Given information START

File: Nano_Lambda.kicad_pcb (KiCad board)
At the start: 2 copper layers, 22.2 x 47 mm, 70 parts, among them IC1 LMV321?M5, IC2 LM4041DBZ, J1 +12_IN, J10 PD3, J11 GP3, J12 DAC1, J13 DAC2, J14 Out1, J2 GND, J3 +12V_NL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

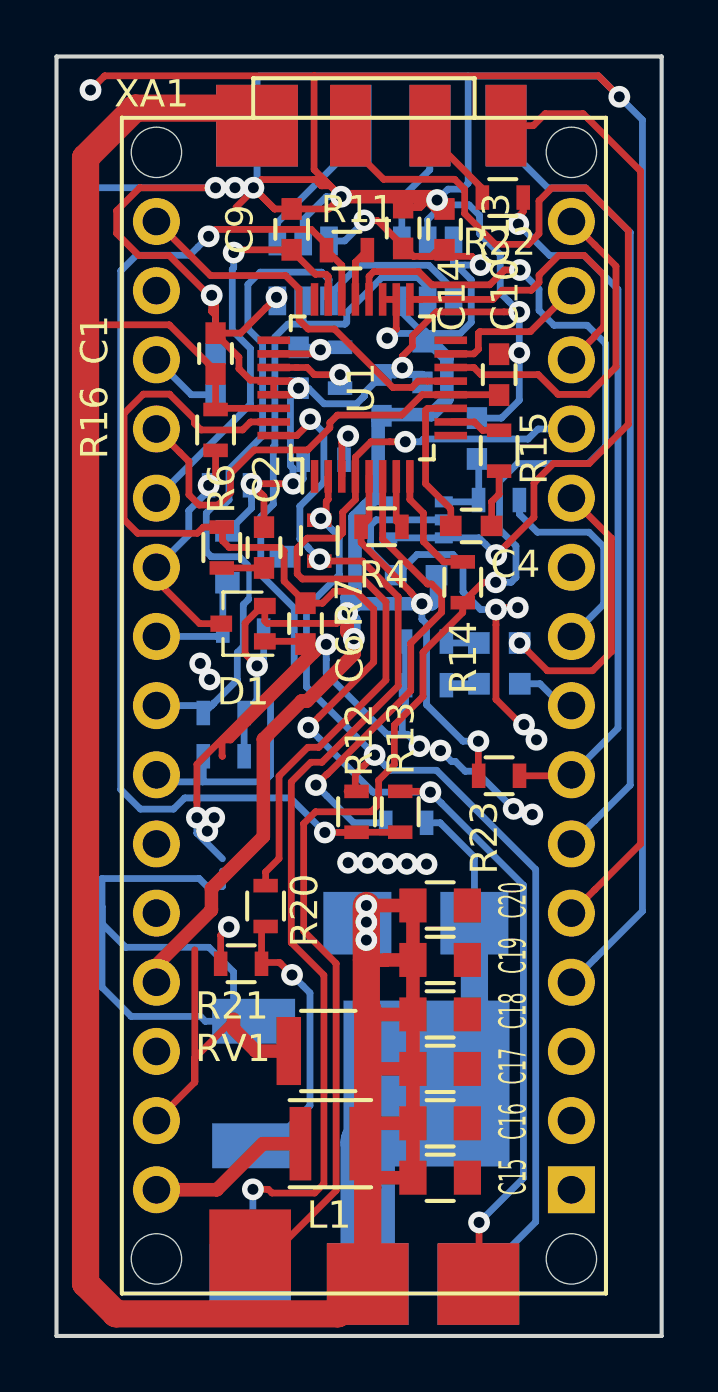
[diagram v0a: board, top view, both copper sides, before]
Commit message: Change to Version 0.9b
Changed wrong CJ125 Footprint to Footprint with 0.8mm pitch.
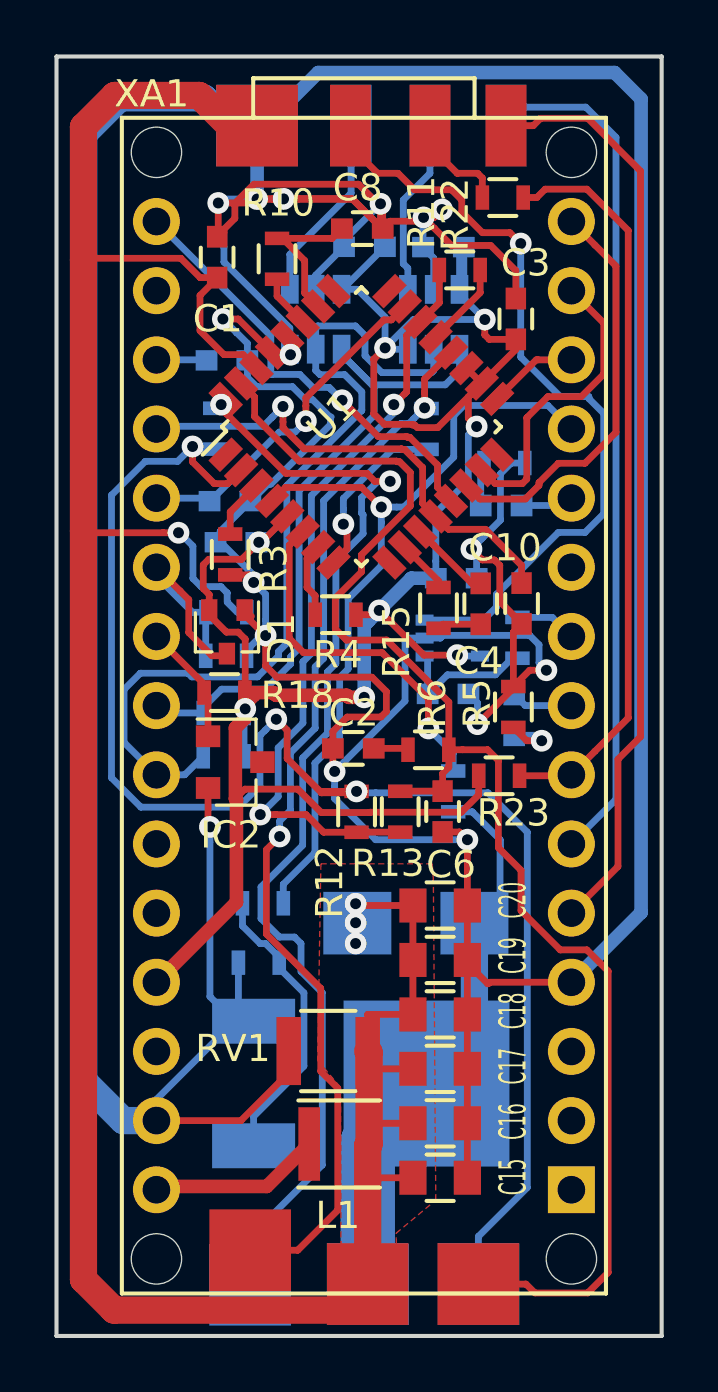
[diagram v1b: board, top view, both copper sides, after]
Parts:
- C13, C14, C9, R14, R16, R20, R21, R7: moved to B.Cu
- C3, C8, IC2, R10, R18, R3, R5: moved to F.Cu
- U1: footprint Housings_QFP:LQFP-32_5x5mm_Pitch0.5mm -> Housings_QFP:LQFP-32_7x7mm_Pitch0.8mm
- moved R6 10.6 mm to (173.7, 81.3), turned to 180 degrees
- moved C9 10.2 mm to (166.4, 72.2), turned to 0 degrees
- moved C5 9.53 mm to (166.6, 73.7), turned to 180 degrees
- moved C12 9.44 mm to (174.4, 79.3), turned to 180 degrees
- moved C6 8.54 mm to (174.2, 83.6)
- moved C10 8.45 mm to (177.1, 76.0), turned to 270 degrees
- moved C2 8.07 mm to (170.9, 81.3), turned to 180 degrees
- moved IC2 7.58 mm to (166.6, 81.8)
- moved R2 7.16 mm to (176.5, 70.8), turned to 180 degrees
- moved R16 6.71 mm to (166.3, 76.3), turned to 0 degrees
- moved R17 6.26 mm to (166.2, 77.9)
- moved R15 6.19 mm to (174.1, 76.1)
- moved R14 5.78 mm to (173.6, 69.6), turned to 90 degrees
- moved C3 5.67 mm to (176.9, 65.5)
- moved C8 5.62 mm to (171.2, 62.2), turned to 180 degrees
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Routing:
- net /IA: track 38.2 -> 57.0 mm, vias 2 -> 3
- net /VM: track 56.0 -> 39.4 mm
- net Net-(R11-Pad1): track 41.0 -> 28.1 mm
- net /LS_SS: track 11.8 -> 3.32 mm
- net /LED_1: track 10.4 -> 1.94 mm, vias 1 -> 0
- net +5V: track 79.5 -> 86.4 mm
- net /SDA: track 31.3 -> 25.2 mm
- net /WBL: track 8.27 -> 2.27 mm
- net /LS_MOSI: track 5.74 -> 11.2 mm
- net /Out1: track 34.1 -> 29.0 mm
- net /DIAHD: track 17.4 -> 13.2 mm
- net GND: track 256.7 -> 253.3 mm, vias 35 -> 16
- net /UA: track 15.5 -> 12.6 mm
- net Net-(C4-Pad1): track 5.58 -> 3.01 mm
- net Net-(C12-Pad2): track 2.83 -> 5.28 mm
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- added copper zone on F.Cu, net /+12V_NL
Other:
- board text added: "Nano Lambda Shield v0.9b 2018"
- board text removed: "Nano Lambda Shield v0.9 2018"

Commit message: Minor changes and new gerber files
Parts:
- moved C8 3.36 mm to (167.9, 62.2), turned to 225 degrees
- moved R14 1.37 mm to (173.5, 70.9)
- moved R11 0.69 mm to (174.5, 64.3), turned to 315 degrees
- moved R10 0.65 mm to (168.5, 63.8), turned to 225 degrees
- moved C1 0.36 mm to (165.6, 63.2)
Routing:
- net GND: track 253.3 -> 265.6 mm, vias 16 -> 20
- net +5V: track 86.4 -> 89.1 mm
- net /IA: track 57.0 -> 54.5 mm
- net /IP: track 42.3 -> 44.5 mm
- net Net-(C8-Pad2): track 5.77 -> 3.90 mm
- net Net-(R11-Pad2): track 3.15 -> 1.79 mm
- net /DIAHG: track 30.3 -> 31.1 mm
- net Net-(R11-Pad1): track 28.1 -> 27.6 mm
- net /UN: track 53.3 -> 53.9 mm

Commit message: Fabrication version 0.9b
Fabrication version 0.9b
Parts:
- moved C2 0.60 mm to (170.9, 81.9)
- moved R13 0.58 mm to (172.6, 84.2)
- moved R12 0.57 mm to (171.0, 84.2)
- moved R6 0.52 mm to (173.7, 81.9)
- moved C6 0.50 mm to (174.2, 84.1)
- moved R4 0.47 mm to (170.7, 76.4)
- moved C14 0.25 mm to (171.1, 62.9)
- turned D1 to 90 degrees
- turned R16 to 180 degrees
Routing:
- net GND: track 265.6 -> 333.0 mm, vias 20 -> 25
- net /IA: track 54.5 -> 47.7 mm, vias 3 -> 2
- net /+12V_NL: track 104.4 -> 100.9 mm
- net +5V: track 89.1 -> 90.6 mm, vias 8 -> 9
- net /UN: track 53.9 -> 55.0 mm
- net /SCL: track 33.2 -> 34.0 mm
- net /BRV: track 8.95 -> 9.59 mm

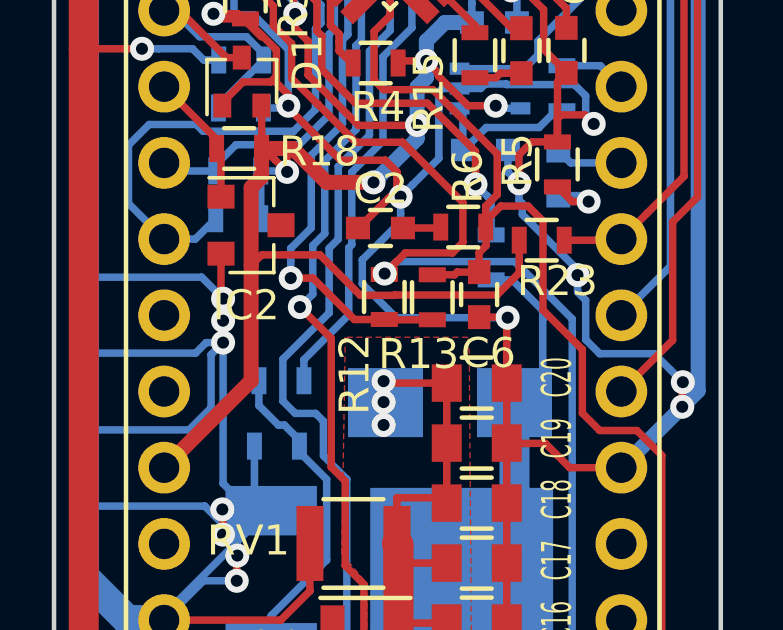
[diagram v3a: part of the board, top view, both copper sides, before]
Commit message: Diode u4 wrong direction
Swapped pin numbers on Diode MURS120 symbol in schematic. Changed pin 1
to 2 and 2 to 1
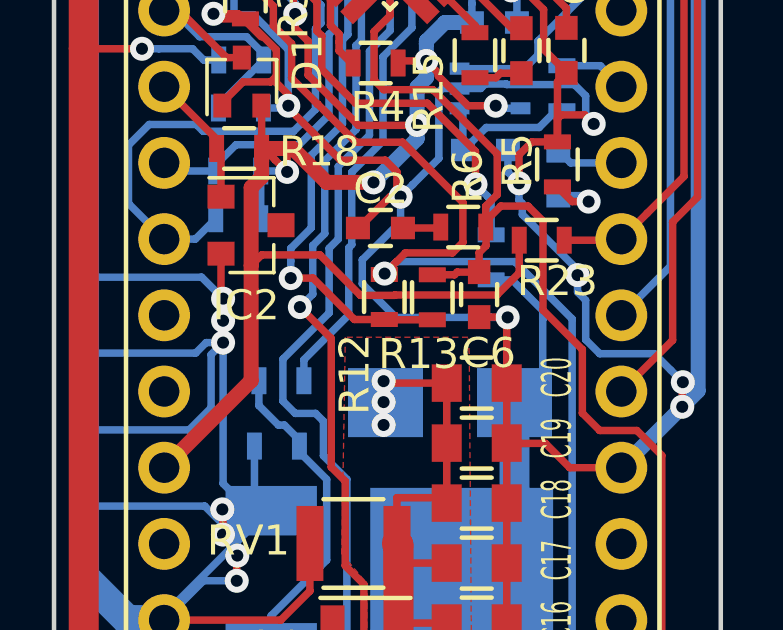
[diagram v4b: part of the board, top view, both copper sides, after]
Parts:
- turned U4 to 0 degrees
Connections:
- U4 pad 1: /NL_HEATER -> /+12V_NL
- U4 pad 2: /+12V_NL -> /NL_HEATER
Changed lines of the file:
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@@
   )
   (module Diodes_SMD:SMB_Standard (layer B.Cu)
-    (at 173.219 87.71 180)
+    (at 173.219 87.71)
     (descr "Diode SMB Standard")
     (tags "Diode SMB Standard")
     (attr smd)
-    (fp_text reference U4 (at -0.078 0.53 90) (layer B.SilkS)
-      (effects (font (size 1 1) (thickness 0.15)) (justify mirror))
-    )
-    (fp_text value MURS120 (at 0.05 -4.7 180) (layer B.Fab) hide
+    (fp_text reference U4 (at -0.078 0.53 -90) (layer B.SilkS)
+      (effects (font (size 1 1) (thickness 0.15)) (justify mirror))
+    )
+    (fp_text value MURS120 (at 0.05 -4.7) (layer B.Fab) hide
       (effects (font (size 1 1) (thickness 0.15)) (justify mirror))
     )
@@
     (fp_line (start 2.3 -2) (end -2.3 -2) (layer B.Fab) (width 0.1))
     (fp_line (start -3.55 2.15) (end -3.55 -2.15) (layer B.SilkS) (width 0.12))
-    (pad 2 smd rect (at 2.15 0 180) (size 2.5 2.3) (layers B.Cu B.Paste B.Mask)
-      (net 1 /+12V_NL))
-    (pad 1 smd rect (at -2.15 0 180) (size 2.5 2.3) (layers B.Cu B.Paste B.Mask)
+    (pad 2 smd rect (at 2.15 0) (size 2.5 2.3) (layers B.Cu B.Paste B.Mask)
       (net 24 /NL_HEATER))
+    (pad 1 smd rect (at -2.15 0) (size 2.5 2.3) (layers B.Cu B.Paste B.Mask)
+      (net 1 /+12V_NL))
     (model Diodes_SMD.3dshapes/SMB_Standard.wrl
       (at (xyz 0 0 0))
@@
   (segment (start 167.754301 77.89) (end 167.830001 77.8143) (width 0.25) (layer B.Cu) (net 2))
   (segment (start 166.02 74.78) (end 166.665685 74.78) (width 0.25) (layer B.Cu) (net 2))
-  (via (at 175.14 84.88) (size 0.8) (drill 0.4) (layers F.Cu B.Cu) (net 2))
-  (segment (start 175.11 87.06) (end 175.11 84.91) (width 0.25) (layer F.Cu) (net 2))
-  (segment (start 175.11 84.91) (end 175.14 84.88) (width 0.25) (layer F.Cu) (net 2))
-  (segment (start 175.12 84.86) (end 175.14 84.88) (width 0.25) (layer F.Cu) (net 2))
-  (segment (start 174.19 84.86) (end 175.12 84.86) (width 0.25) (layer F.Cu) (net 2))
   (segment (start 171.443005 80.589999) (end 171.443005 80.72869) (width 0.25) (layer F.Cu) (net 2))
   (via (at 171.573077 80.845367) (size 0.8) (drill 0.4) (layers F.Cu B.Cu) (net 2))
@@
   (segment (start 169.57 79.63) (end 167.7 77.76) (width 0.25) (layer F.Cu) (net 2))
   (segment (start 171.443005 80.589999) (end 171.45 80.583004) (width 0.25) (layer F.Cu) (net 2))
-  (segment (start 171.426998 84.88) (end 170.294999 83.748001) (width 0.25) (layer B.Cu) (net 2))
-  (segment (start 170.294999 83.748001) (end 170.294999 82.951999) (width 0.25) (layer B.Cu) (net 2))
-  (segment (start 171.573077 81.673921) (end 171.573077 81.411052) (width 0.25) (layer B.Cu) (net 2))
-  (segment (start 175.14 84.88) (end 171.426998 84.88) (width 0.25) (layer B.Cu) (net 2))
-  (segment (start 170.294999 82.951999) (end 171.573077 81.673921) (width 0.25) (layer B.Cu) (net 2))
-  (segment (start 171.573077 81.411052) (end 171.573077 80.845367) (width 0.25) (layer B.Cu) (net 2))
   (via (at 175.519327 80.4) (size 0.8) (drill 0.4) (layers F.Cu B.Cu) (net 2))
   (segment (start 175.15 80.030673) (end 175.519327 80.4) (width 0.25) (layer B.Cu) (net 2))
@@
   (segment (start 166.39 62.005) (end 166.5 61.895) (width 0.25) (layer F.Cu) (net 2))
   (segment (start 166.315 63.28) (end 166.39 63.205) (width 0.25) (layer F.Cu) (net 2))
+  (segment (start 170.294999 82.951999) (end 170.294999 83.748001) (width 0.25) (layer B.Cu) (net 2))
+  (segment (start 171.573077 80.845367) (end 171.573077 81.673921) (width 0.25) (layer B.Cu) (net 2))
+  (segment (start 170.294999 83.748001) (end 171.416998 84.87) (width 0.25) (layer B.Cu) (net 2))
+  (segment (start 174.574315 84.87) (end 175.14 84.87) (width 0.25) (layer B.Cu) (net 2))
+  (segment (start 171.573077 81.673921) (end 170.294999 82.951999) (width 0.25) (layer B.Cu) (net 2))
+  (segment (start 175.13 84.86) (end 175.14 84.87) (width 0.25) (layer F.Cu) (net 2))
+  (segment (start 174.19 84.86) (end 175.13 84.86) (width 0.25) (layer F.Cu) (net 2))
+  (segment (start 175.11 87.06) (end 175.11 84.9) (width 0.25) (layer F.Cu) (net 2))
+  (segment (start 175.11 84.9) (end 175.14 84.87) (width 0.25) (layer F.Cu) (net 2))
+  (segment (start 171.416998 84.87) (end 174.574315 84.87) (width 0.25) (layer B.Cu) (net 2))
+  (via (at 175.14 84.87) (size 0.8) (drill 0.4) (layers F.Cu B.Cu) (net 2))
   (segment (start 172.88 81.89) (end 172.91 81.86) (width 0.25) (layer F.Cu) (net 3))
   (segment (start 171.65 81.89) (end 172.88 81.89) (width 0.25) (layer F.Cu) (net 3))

Given information END

Work item:
Return every line from the records above that holds the word "layers".

Answer to the exercise:
At the start: 2 copper layers, 22.2 x 47 mm, 70 parts, among them IC1 LMV321?M5, IC2 LM4041DBZ, J1 +12_IN, J10 PD3, J11 GP3, J12 DAC1, J13 DAC2, J14 Out1, J2 GND, J3 +12V_NL
-    (pad 2 smd rect (at 2.15 0 180) (size 2.5 2.3) (layers B.Cu B.Paste B.Mask)
-    (pad 1 smd rect (at -2.15 0 180) (size 2.5 2.3) (layers B.Cu B.Paste B.Mask)
+    (pad 2 smd rect (at 2.15 0) (size 2.5 2.3) (layers B.Cu B.Paste B.Mask)
+    (pad 1 smd rect (at -2.15 0) (size 2.5 2.3) (layers B.Cu B.Paste B.Mask)
-  (via (at 175.14 84.88) (size 0.8) (drill 0.4) (layers F.Cu B.Cu) (net 2))
   (via (at 171.573077 80.845367) (size 0.8) (drill 0.4) (layers F.Cu B.Cu) (net 2))
   (via (at 175.519327 80.4) (size 0.8) (drill 0.4) (layers F.Cu B.Cu) (net 2))
+  (via (at 175.14 84.87) (size 0.8) (drill 0.4) (layers F.Cu B.Cu) (net 2))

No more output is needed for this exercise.